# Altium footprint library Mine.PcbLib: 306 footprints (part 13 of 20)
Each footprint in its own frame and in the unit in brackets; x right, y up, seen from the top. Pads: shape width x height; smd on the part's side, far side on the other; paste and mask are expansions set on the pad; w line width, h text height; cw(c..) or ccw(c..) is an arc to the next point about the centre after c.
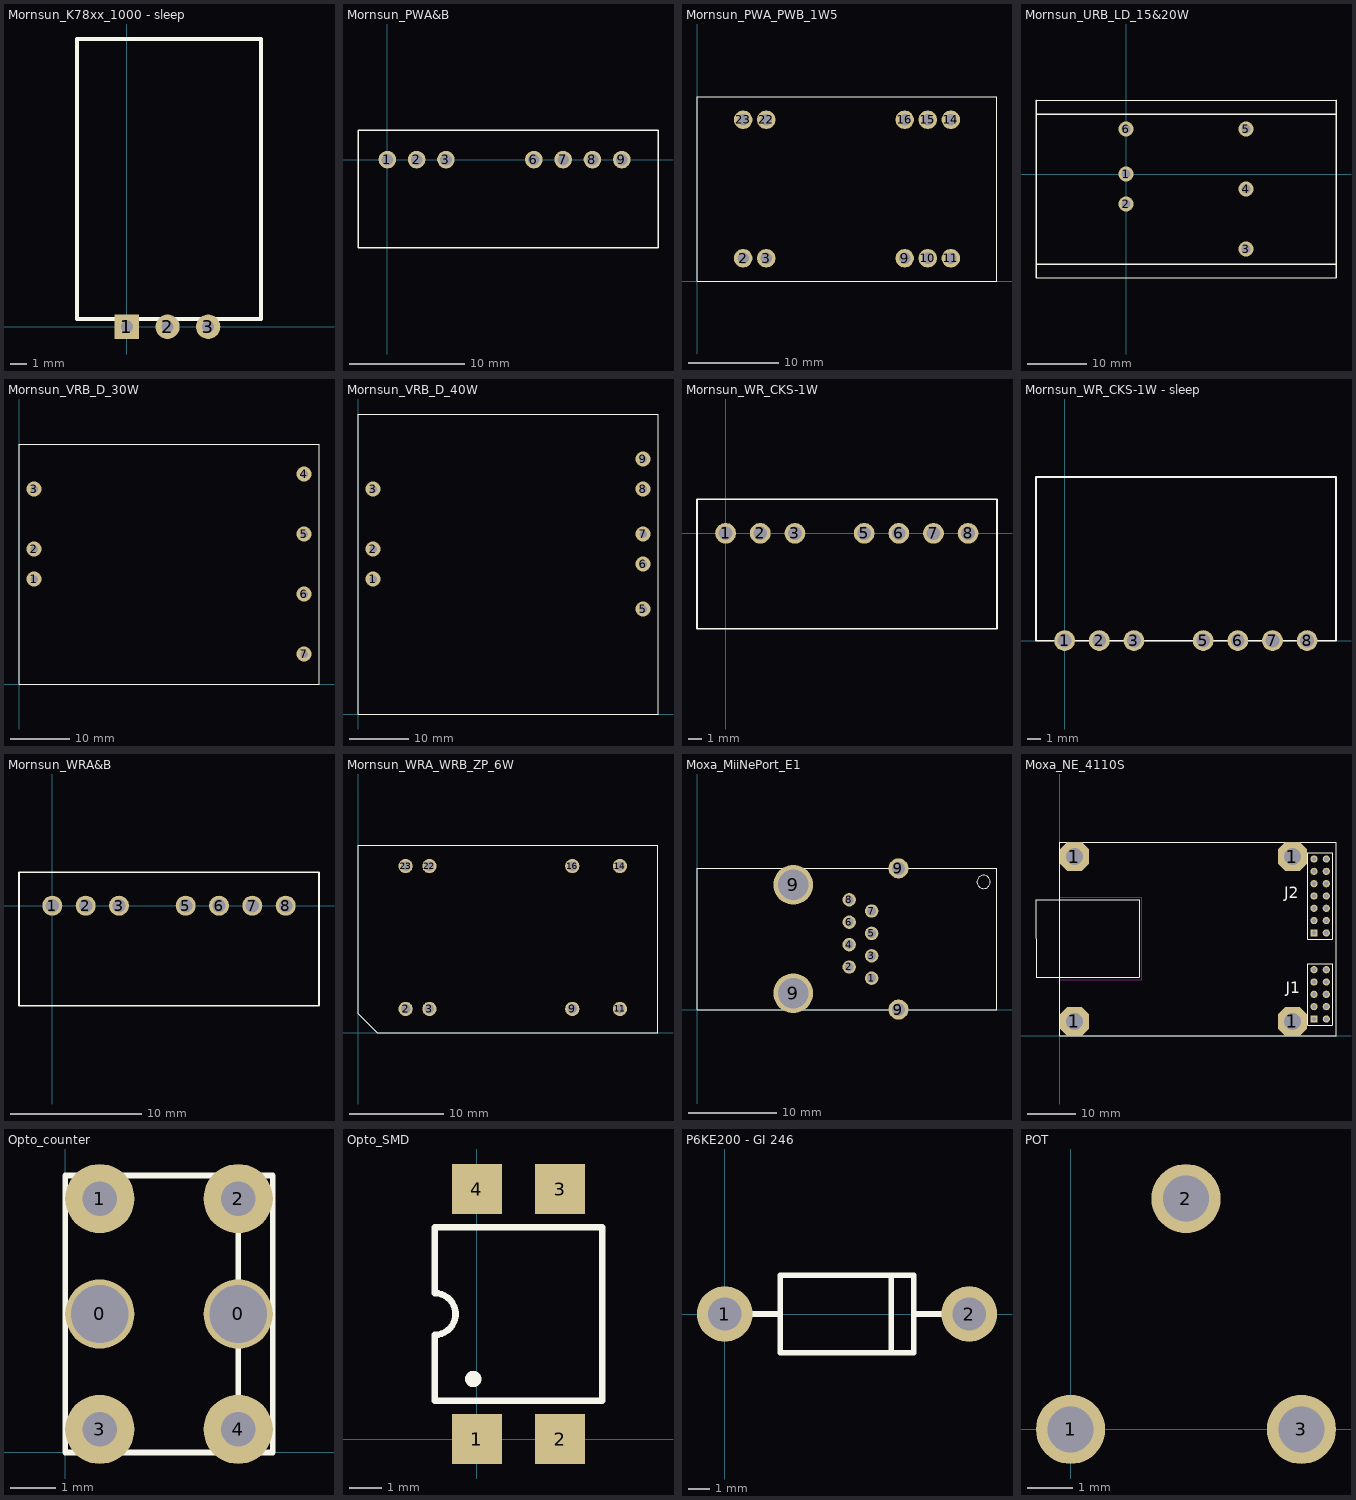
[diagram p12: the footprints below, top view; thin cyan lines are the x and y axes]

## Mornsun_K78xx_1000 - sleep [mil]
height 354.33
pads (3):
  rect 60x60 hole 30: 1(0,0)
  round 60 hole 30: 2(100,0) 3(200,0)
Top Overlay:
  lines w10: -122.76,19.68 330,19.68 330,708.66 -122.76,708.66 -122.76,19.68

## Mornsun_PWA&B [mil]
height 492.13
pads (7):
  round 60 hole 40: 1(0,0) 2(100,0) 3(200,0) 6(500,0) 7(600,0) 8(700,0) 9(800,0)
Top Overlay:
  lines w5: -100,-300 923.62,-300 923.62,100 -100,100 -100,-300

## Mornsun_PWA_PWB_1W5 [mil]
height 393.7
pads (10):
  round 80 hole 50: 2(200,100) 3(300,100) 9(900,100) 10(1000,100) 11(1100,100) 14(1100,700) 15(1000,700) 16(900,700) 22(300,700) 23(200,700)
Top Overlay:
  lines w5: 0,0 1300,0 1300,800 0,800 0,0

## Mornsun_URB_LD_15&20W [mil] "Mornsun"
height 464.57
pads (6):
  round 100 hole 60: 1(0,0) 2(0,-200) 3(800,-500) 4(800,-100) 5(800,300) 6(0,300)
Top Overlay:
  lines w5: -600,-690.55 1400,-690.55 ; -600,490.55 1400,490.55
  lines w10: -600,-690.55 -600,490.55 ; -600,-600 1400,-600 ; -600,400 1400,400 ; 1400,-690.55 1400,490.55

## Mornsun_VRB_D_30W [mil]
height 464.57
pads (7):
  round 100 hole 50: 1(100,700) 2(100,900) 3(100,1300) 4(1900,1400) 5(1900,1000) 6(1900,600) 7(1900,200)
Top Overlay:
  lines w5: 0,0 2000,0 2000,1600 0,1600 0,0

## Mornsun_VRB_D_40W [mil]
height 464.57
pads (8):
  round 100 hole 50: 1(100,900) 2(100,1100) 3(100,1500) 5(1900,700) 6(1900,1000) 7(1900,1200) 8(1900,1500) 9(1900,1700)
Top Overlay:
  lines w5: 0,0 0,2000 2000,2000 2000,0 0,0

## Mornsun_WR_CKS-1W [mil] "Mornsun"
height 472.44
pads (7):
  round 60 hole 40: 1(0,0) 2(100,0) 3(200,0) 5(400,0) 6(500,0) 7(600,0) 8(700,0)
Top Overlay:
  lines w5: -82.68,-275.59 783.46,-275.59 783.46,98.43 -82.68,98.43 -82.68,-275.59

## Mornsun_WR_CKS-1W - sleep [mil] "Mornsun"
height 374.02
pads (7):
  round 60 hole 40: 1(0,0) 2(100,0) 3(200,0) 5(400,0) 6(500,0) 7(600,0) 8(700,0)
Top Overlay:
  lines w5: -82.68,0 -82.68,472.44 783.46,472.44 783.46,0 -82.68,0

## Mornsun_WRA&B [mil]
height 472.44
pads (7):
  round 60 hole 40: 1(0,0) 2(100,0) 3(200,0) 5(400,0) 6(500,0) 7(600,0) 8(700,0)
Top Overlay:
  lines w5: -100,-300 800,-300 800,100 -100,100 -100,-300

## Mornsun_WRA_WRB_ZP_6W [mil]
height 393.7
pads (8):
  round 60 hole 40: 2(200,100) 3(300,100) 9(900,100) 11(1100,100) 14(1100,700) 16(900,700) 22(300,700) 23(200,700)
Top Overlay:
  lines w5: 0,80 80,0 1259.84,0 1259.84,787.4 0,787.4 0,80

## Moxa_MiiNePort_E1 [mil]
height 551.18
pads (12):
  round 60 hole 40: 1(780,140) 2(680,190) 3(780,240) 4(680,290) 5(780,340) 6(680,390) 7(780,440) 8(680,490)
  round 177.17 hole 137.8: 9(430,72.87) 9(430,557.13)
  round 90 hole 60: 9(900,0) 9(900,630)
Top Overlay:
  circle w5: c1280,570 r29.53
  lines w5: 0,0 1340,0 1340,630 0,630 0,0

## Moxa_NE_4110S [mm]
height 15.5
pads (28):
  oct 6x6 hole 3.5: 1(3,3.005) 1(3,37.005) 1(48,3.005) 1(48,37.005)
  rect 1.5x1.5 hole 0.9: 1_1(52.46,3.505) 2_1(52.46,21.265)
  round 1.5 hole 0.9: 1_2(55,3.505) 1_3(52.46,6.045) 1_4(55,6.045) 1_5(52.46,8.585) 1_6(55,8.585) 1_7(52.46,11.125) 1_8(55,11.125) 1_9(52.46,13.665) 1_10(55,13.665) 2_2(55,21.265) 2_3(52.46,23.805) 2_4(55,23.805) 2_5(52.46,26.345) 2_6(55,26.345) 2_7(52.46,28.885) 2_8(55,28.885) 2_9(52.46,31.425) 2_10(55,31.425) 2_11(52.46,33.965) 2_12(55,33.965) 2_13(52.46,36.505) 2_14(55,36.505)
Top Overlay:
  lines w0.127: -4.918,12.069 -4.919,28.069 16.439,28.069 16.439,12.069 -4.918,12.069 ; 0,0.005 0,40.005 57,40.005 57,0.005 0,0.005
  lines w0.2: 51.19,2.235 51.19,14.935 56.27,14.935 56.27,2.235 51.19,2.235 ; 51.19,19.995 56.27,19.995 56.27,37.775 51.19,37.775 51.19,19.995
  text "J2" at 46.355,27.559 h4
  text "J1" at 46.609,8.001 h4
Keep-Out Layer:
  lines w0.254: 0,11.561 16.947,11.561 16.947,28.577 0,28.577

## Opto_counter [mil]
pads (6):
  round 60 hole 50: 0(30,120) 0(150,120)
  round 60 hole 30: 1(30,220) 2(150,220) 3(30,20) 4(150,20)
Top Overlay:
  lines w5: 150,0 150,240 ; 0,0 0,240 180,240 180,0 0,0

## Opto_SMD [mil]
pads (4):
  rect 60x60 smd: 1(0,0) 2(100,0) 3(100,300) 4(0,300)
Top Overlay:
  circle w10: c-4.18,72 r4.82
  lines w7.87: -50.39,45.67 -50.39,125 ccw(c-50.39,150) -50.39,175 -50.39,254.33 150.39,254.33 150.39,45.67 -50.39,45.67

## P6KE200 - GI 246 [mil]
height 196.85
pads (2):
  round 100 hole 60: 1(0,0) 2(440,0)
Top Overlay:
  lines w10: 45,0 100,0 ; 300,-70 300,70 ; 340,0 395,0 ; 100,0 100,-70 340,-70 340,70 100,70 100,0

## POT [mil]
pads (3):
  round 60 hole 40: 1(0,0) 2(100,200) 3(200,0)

▶ _ACTIVITY_
Output an exact copy of the material, with the pictures removed.

▶ _EXERCISE RESULT_
# Altium footprint library Mine.PcbLib: 306 footprints (part 13 of 20)
Each footprint in its own frame and in the unit in brackets; x right, y up, seen from the top. Pads: shape width x height; smd on the part's side, far side on the other; paste and mask are expansions set on the pad; w line width, h text height; cw(c..) or ccw(c..) is an arc to the next point about the centre after c.
[diagram p12: the footprints below, top view; thin cyan lines are the x and y axes]

## Mornsun_K78xx_1000 - sleep [mil]
height 354.33
pads (3):
  rect 60x60 hole 30: 1(0,0)
  round 60 hole 30: 2(100,0) 3(200,0)
Top Overlay:
  lines w10: -122.76,19.68 330,19.68 330,708.66 -122.76,708.66 -122.76,19.68

## Mornsun_PWA&B [mil]
height 492.13
pads (7):
  round 60 hole 40: 1(0,0) 2(100,0) 3(200,0) 6(500,0) 7(600,0) 8(700,0) 9(800,0)
Top Overlay:
  lines w5: -100,-300 923.62,-300 923.62,100 -100,100 -100,-300

## Mornsun_PWA_PWB_1W5 [mil]
height 393.7
pads (10):
  round 80 hole 50: 2(200,100) 3(300,100) 9(900,100) 10(1000,100) 11(1100,100) 14(1100,700) 15(1000,700) 16(900,700) 22(300,700) 23(200,700)
Top Overlay:
  lines w5: 0,0 1300,0 1300,800 0,800 0,0

## Mornsun_URB_LD_15&20W [mil] "Mornsun"
height 464.57
pads (6):
  round 100 hole 60: 1(0,0) 2(0,-200) 3(800,-500) 4(800,-100) 5(800,300) 6(0,300)
Top Overlay:
  lines w5: -600,-690.55 1400,-690.55 ; -600,490.55 1400,490.55
  lines w10: -600,-690.55 -600,490.55 ; -600,-600 1400,-600 ; -600,400 1400,400 ; 1400,-690.55 1400,490.55

## Mornsun_VRB_D_30W [mil]
height 464.57
pads (7):
  round 100 hole 50: 1(100,700) 2(100,900) 3(100,1300) 4(1900,1400) 5(1900,1000) 6(1900,600) 7(1900,200)
Top Overlay:
  lines w5: 0,0 2000,0 2000,1600 0,1600 0,0

## Mornsun_VRB_D_40W [mil]
height 464.57
pads (8):
  round 100 hole 50: 1(100,900) 2(100,1100) 3(100,1500) 5(1900,700) 6(1900,1000) 7(1900,1200) 8(1900,1500) 9(1900,1700)
Top Overlay:
  lines w5: 0,0 0,2000 2000,2000 2000,0 0,0

## Mornsun_WR_CKS-1W [mil] "Mornsun"
height 472.44
pads (7):
  round 60 hole 40: 1(0,0) 2(100,0) 3(200,0) 5(400,0) 6(500,0) 7(600,0) 8(700,0)
Top Overlay:
  lines w5: -82.68,-275.59 783.46,-275.59 783.46,98.43 -82.68,98.43 -82.68,-275.59

## Mornsun_WR_CKS-1W - sleep [mil] "Mornsun"
height 374.02
pads (7):
  round 60 hole 40: 1(0,0) 2(100,0) 3(200,0) 5(400,0) 6(500,0) 7(600,0) 8(700,0)
Top Overlay:
  lines w5: -82.68,0 -82.68,472.44 783.46,472.44 783.46,0 -82.68,0

## Mornsun_WRA&B [mil]
height 472.44
pads (7):
  round 60 hole 40: 1(0,0) 2(100,0) 3(200,0) 5(400,0) 6(500,0) 7(600,0) 8(700,0)
Top Overlay:
  lines w5: -100,-300 800,-300 800,100 -100,100 -100,-300

## Mornsun_WRA_WRB_ZP_6W [mil]
height 393.7
pads (8):
  round 60 hole 40: 2(200,100) 3(300,100) 9(900,100) 11(1100,100) 14(1100,700) 16(900,700) 22(300,700) 23(200,700)
Top Overlay:
  lines w5: 0,80 80,0 1259.84,0 1259.84,787.4 0,787.4 0,80

## Moxa_MiiNePort_E1 [mil]
height 551.18
pads (12):
  round 60 hole 40: 1(780,140) 2(680,190) 3(780,240) 4(680,290) 5(780,340) 6(680,390) 7(780,440) 8(680,490)
  round 177.17 hole 137.8: 9(430,72.87) 9(430,557.13)
  round 90 hole 60: 9(900,0) 9(900,630)
Top Overlay:
  circle w5: c1280,570 r29.53
  lines w5: 0,0 1340,0 1340,630 0,630 0,0

## Moxa_NE_4110S [mm]
height 15.5
pads (28):
  oct 6x6 hole 3.5: 1(3,3.005) 1(3,37.005) 1(48,3.005) 1(48,37.005)
  rect 1.5x1.5 hole 0.9: 1_1(52.46,3.505) 2_1(52.46,21.265)
  round 1.5 hole 0.9: 1_2(55,3.505) 1_3(52.46,6.045) 1_4(55,6.045) 1_5(52.46,8.585) 1_6(55,8.585) 1_7(52.46,11.125) 1_8(55,11.125) 1_9(52.46,13.665) 1_10(55,13.665) 2_2(55,21.265) 2_3(52.46,23.805) 2_4(55,23.805) 2_5(52.46,26.345) 2_6(55,26.345) 2_7(52.46,28.885) 2_8(55,28.885) 2_9(52.46,31.425) 2_10(55,31.425) 2_11(52.46,33.965) 2_12(55,33.965) 2_13(52.46,36.505) 2_14(55,36.505)
Top Overlay:
  lines w0.127: -4.918,12.069 -4.919,28.069 16.439,28.069 16.439,12.069 -4.918,12.069 ; 0,0.005 0,40.005 57,40.005 57,0.005 0,0.005
  lines w0.2: 51.19,2.235 51.19,14.935 56.27,14.935 56.27,2.235 51.19,2.235 ; 51.19,19.995 56.27,19.995 56.27,37.775 51.19,37.775 51.19,19.995
  text "J2" at 46.355,27.559 h4
  text "J1" at 46.609,8.001 h4
Keep-Out Layer:
  lines w0.254: 0,11.561 16.947,11.561 16.947,28.577 0,28.577

## Opto_counter [mil]
pads (6):
  round 60 hole 50: 0(30,120) 0(150,120)
  round 60 hole 30: 1(30,220) 2(150,220) 3(30,20) 4(150,20)
Top Overlay:
  lines w5: 150,0 150,240 ; 0,0 0,240 180,240 180,0 0,0

## Opto_SMD [mil]
pads (4):
  rect 60x60 smd: 1(0,0) 2(100,0) 3(100,300) 4(0,300)
Top Overlay:
  circle w10: c-4.18,72 r4.82
  lines w7.87: -50.39,45.67 -50.39,125 ccw(c-50.39,150) -50.39,175 -50.39,254.33 150.39,254.33 150.39,45.67 -50.39,45.67

## P6KE200 - GI 246 [mil]
height 196.85
pads (2):
  round 100 hole 60: 1(0,0) 2(440,0)
Top Overlay:
  lines w10: 45,0 100,0 ; 300,-70 300,70 ; 340,0 395,0 ; 100,0 100,-70 340,-70 340,70 100,70 100,0

## POT [mil]
pads (3):
  round 60 hole 40: 1(0,0) 2(100,200) 3(200,0)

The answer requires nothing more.